# How to register minis



## groovyoldlady (Jul 21, 2011)

OK, so this year I'll probably (God willing) be having two LaManchas kid out with F1 mini Munchies.

I can't register them with ADGA, can I? The does are both ADGA registered LaManchas and the buck is an ADGA registered Nigerian Dwarf.

If they can't be registered with ADGA, is there a registry for F1's?

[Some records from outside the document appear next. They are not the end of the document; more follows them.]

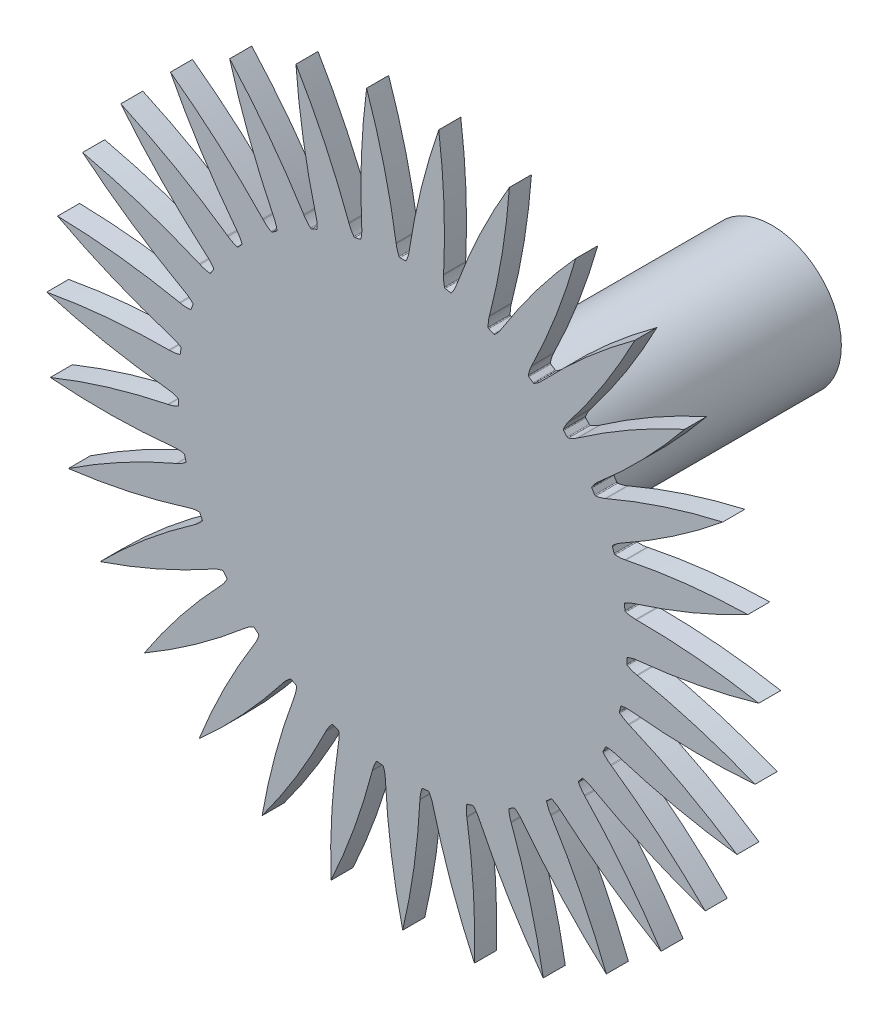
SolidWorks part; units mm, degrees
material "Pure Gold"
ref_plane "Front" through (0, 0, 0) normal (0, 0, 1) x (1, 0, 0)
ref_plane "Top" through (0, 0, 0) normal (0, 1, 0) x (1, 0, 0)
ref_plane "Right" through (0, 0, 0) normal (1, 0, 0) x (0, 0, -1)
sketch "Sketch1" plane through (0, 0, 0) normal (0, 0, 1) x (1, 0, 0)
  line L0 (0, 0) -> (0, 500) construction
  circle A1 centre (0, 0) radius 500
  dimension "D1" = 1000
extrude "Extrude1" add sketch "Sketch1" along normal blind 12.7
sketch "Sketch2" plane through (0, 0, 12.7) normal (0, 0, 1) x (1, 0, 0)
  line L0 (0, 0) -> (0, 500) construction
  line L1 (3.7322, 135.1942) -> (3.81, 135.7022)
  line L2 (-3.7322, 135.1942) -> (-3.81, 135.7022)
  circle A0 centre (0, 0) radius 500 construction
  arc A1 (1.905, 129.3522) -> (-1.905, 129.3522) centre (0, 0) ccw
  arc A2 (1.905, 129.3522) -> (3.7322, 135.1942) centre (-16.3537, 138.2697) ccw
  arc A3 (3.81, 135.7022) -> (241.2315, 437.9582) centre (390.2485, 76.5306) cw
  arc A4 (-3.81, 135.7022) -> (-241.2315, 437.9582) centre (-390.2485, 76.5306) ccw
  arc A5 (-1.905, 129.3522) -> (-3.7322, 135.1942) centre (16.3537, 138.2697) cw
  dimension "D1" = 7.62
  dimension "D2" = 20.32
  dimension "D4" = 6.35
  dimension "D5" = 3.81
  dimension "D6" = 129.3662
  dimension "D7" = 390.9425
  dimension "D3" = 0.508
extrude "Cut-Extrude1" cut sketch "Sketch2" against normal through all and the other way through all flip side to cut
fillet "Fillet1" radius 0.635 2 edges at (1.905, 129.3522, 6.35) (-1.905, 129.3522, 6.35)
pattern_circular "CirPattern1" count 31 over 360 about axis through (0, 0, 12.7) along (0, 0, -1) of "Cut-Extrude1", "Fillet1"
sketch "Sketch3" plane through (0, 0, 0) normal (0, 0, -1) x (-1, 0, 0)
  circle A0 centre (0, 0) radius 40
  dimension "D1" = 80
extrude "Extrude2" add sketch "Sketch3" along normal blind 200
equation "\"wheelSize\"= 100cm"
equation "\"D1@Sketch1\"=\"wheelSize\""
equation "\"D1@Sketch3\" = \"HoleMountDiameter@PrintingPress.Assembly\""
equation "\"D1@Extrude2\" = 2 * \"RivetLength@PrintingPress.Assembly\""

I want to know so I can pass the scoop on to potential buyers...

Thanks!


----------



## deerbunnyfarm (Dec 14, 2015)

From what I've been told you can't register them with adga, but you can with mdga!! I really like the mdga website, it's easy to navigate and they even do online shows!


----------



## groovyoldlady (Jul 21, 2011)

Yeah, I just checked with ADGA and the person who responded seemed offended that I even asked. (Darn those Nigerians! ;-) ) I'll look into MDGA to see what's involved. Thanks!


----------



## Suzanne_Tyler (Jul 19, 2014)

Yes, they do F1s. I recently registered 2, you just have to give them pictures of the goat (body and profile) and of the dam's and sire's registration papers if they aren't MDGA registered.


----------



## lottsagoats1 (Apr 12, 2014)

I'm going to be registering mine with MDGA.


----------